▸ BRIEF
Extract from the listing each line in which the word "VldIn" appears.

BEGIN

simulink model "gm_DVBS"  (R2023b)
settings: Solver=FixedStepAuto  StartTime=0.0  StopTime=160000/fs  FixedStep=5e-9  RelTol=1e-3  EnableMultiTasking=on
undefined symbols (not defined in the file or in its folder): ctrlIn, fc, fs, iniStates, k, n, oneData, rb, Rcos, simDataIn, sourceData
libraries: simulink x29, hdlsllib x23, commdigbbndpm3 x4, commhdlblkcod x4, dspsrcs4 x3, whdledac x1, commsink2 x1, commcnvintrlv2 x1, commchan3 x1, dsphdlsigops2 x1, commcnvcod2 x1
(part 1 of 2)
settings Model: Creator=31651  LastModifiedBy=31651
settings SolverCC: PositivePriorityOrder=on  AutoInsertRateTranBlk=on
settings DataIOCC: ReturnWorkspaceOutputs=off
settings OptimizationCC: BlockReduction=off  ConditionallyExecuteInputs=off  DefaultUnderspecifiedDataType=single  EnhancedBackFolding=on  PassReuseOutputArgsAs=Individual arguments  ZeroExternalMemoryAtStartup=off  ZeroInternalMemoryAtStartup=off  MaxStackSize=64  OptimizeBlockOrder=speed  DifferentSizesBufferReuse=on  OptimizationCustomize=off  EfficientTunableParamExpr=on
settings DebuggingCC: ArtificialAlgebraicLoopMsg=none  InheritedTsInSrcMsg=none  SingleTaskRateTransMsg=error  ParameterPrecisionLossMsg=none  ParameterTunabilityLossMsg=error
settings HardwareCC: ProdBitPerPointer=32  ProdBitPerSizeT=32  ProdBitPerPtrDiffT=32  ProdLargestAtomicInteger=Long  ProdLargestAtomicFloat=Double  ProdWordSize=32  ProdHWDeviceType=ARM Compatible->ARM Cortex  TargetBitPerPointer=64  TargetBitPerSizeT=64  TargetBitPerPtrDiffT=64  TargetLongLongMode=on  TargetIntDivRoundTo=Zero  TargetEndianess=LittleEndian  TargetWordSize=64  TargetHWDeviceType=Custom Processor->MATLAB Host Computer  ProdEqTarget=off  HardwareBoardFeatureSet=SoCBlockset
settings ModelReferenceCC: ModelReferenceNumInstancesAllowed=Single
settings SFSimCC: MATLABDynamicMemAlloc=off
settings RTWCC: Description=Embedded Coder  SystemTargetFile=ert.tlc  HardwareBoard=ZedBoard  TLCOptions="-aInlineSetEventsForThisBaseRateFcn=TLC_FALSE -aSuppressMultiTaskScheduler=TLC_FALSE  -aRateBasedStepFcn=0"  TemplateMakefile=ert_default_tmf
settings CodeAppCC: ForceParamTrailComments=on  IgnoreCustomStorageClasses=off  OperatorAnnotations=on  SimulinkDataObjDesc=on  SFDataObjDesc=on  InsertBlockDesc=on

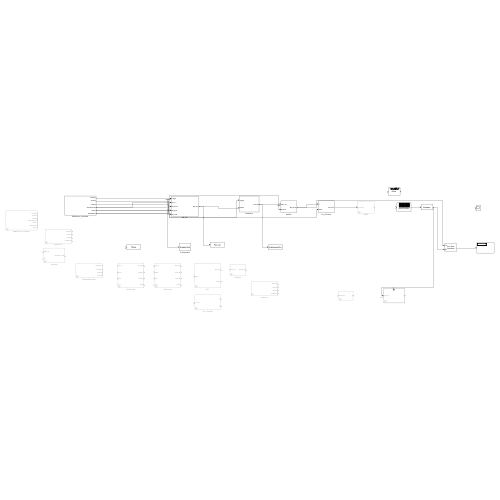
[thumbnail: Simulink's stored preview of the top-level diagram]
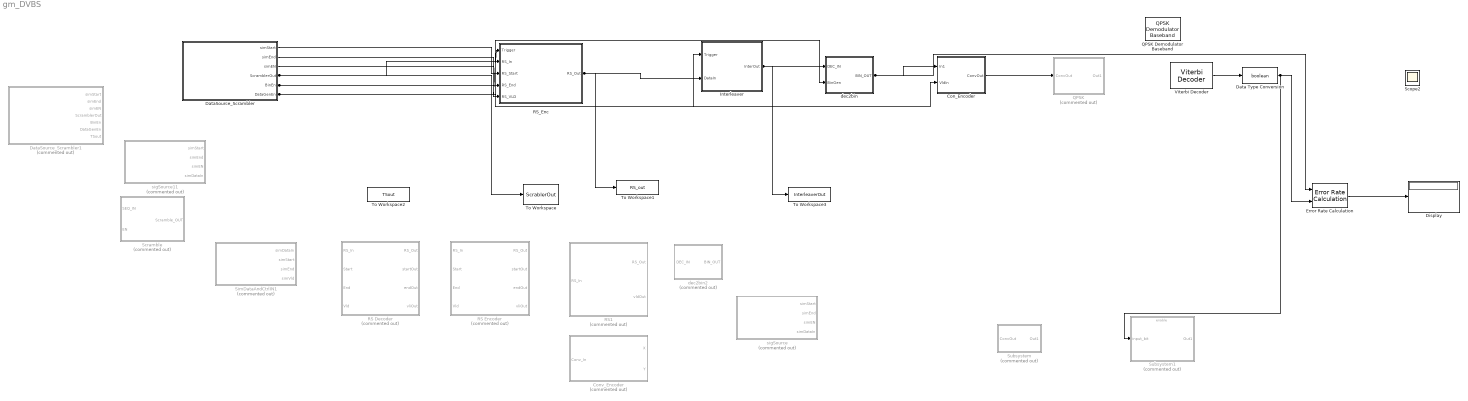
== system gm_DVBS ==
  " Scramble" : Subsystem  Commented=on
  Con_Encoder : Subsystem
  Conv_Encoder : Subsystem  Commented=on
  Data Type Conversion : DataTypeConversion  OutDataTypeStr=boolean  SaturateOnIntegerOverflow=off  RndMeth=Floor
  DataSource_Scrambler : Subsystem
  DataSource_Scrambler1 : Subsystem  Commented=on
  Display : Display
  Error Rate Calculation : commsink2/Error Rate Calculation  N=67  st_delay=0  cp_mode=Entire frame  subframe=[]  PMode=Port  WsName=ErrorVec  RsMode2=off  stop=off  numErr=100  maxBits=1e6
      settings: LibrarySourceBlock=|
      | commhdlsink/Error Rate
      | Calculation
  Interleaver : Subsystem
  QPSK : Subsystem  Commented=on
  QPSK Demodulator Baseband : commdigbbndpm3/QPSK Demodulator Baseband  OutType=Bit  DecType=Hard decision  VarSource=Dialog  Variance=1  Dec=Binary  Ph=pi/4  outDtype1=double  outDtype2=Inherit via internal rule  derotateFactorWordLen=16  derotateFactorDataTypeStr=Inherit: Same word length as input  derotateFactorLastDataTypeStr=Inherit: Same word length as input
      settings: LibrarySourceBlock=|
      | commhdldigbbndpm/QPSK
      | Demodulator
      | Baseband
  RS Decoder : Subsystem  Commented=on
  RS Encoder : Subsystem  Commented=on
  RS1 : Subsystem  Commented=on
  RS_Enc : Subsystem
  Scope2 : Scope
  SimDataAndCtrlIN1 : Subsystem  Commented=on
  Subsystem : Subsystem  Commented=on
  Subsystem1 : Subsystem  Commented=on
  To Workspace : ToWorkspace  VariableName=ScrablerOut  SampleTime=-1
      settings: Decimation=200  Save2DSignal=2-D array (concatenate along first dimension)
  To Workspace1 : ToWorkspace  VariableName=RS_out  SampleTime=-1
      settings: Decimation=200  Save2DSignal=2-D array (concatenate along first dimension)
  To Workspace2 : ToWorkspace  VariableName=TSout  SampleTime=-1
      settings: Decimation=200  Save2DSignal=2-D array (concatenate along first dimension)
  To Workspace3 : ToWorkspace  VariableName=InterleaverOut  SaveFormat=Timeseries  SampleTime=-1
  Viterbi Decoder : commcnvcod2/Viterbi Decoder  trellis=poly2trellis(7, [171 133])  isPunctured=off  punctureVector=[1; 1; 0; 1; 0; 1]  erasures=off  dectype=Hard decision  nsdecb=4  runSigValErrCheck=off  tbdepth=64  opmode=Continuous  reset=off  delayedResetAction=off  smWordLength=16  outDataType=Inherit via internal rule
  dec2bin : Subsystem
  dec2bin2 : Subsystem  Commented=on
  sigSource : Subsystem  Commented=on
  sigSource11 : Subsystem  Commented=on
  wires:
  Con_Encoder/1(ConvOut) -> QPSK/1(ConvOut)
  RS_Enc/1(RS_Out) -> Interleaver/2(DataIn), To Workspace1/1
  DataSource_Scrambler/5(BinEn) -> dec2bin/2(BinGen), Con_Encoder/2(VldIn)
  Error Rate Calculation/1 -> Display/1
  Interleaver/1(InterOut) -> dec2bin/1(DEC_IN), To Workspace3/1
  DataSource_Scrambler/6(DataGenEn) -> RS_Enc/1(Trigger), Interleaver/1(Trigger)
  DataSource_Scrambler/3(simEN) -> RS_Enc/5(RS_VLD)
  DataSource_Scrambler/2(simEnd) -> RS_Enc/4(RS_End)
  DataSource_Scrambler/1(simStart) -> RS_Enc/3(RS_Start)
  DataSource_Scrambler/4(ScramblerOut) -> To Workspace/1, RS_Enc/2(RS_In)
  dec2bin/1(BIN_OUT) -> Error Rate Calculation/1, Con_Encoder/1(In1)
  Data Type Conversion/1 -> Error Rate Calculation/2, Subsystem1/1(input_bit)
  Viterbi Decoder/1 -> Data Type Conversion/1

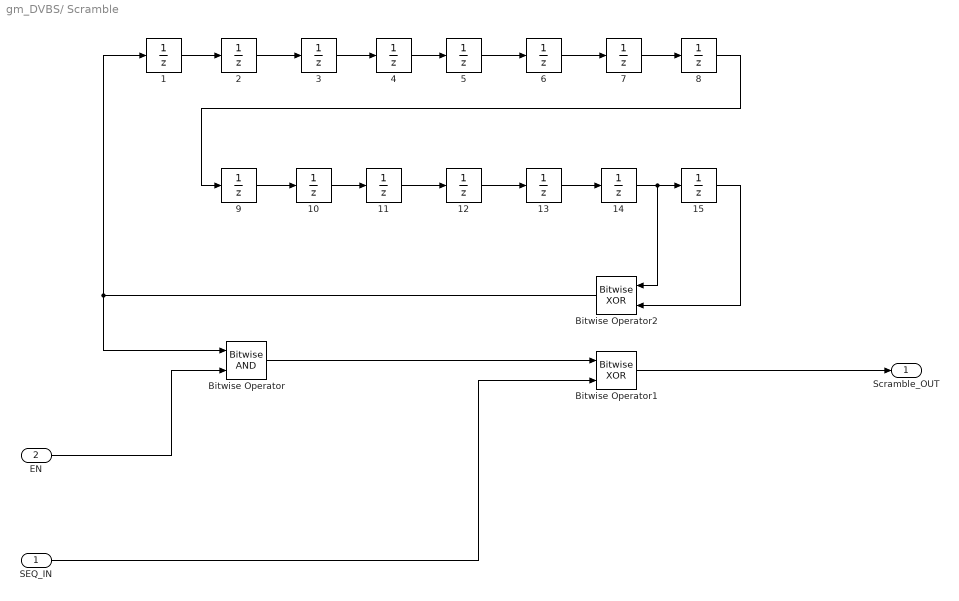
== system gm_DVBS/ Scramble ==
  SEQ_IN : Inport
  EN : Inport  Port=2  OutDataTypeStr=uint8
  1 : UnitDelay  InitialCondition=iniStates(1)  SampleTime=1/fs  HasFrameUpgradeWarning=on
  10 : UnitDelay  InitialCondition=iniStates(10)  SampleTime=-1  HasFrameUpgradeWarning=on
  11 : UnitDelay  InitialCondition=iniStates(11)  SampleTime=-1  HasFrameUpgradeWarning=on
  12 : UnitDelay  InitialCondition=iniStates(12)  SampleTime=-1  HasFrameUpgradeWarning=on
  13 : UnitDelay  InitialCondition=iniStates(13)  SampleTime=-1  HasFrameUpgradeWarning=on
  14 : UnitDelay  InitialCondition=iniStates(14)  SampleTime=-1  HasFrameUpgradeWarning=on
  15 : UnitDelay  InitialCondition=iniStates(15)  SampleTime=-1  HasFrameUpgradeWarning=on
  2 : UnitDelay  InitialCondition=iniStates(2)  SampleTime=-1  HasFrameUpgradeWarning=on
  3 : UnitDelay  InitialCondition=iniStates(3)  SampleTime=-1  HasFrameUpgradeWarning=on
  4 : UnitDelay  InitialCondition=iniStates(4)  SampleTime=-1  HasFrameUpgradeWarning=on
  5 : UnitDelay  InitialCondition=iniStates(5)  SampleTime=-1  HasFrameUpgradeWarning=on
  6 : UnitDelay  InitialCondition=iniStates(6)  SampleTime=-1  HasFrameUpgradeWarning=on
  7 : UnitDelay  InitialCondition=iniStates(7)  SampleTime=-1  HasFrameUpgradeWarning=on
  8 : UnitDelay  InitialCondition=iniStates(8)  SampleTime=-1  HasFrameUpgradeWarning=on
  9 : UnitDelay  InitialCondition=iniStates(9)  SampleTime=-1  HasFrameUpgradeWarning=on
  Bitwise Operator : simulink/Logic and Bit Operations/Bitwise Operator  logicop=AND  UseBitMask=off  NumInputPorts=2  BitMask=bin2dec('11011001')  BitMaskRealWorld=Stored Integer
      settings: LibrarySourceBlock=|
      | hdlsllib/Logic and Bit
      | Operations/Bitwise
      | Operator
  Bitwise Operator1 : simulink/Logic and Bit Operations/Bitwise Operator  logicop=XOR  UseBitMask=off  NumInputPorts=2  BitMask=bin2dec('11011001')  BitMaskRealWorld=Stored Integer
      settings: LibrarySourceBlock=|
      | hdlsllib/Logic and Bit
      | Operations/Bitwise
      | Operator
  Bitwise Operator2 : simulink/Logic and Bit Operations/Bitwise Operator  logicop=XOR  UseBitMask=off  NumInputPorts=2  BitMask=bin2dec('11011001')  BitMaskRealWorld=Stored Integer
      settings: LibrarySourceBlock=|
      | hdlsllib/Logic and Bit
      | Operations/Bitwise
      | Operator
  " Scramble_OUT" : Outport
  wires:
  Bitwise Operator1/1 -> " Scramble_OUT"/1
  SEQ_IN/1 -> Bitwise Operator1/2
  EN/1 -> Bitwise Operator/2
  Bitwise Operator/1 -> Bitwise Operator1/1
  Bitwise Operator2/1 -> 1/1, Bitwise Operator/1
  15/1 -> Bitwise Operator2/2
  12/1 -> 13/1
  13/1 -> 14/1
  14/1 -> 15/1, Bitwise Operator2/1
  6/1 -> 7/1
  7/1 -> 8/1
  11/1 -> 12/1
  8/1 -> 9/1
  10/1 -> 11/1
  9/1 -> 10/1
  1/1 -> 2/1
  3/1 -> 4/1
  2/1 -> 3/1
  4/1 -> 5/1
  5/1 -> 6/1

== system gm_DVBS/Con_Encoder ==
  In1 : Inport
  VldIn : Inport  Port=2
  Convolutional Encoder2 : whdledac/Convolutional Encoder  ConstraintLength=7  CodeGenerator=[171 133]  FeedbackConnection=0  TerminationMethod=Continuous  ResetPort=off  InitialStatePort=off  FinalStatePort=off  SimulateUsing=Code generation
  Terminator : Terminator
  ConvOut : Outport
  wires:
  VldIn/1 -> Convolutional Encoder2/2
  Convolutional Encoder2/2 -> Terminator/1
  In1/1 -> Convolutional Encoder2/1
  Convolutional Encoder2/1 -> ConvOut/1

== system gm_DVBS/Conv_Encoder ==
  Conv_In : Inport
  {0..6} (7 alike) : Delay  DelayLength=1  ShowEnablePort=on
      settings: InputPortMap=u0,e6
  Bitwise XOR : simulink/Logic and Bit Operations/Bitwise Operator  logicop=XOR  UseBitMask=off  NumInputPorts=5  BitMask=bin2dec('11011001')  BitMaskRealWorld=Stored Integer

END

▸ RESULT OF THIS TASK
  DataSource_Scrambler/5(BinEn) -> dec2bin/2(BinGen), Con_Encoder/2(VldIn)
  VldIn : Inport  Port=2
  VldIn/1 -> Convolutional Encoder2/2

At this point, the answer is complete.